**Records supplied**
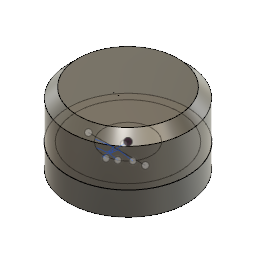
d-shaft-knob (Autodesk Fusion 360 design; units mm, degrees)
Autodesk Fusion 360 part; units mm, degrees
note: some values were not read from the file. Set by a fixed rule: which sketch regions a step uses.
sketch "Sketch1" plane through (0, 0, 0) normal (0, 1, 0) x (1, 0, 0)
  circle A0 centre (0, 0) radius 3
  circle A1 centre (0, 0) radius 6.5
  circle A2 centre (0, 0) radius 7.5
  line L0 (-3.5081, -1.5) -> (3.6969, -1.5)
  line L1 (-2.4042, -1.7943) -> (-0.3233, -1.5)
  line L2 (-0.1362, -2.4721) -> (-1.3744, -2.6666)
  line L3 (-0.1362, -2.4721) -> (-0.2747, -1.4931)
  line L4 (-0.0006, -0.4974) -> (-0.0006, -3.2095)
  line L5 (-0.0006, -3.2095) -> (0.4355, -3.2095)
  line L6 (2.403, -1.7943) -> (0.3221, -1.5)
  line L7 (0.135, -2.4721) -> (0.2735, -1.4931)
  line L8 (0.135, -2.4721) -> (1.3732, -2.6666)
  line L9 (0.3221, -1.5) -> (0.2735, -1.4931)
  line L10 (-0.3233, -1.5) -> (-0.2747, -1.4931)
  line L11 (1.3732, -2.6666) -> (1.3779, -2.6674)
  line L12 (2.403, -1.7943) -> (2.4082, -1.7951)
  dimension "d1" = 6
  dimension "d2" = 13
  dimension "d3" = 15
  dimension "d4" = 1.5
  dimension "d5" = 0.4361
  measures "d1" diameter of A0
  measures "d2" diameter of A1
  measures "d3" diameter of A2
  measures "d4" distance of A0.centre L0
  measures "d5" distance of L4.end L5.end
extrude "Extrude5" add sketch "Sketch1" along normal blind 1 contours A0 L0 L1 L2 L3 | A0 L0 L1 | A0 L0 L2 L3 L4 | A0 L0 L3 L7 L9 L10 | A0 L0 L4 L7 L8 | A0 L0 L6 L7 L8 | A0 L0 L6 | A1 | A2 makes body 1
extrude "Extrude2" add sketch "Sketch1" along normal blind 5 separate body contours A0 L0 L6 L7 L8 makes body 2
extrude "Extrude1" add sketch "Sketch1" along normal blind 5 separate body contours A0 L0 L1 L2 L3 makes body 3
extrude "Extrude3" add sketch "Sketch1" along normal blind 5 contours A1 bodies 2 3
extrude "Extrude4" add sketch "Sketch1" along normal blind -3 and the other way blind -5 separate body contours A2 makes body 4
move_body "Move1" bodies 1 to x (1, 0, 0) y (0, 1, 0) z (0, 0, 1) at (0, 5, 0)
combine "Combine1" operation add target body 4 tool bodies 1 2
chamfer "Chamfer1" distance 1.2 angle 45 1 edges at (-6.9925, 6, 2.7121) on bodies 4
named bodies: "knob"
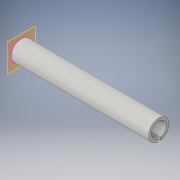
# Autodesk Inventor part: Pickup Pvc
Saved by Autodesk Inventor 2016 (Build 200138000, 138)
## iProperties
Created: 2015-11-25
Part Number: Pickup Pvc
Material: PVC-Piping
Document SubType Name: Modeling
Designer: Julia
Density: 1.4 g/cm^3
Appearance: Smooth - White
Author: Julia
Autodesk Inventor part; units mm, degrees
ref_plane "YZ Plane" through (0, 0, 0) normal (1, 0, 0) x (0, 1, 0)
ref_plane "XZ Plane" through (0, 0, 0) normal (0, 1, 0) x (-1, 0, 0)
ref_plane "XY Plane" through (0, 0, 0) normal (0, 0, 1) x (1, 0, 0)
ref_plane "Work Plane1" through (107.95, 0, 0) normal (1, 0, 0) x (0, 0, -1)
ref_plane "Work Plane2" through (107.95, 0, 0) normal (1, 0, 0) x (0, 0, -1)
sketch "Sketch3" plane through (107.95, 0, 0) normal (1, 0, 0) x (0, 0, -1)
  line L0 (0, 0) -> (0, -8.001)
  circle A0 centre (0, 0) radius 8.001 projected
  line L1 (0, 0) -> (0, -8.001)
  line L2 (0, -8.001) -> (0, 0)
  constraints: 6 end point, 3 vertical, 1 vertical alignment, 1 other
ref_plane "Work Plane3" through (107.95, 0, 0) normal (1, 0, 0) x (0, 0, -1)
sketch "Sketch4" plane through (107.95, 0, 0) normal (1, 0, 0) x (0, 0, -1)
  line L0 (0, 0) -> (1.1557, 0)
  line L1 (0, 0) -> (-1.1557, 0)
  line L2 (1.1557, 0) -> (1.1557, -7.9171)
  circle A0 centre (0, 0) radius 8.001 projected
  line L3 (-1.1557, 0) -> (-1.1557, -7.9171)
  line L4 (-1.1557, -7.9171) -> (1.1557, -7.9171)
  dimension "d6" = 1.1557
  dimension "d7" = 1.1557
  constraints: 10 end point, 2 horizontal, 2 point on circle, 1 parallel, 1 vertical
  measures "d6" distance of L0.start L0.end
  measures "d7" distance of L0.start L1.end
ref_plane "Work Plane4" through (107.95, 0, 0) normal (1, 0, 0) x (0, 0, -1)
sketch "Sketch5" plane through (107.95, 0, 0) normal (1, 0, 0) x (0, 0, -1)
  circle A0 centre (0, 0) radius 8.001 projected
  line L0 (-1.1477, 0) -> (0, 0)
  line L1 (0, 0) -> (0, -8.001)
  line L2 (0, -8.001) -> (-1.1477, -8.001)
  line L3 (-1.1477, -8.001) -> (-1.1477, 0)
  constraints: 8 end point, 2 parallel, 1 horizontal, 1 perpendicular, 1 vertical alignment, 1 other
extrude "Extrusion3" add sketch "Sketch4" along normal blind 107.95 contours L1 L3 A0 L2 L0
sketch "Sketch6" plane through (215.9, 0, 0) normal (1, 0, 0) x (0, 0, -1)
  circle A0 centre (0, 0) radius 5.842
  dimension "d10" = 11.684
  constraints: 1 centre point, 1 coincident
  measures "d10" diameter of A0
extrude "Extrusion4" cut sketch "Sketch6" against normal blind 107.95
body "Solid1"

**Work instruction**
Once you find the string "other" in a line of the records, copy that line.

**Written answer**
extrude "Extrude4" add sketch "Sketch1" along normal blind -3 and the other way blind -5 separate body contours A2 makes body 4
  constraints: 6 end point, 3 vertical, 1 vertical alignment, 1 other
  constraints: 8 end point, 2 parallel, 1 horizontal, 1 perpendicular, 1 vertical alignment, 1 other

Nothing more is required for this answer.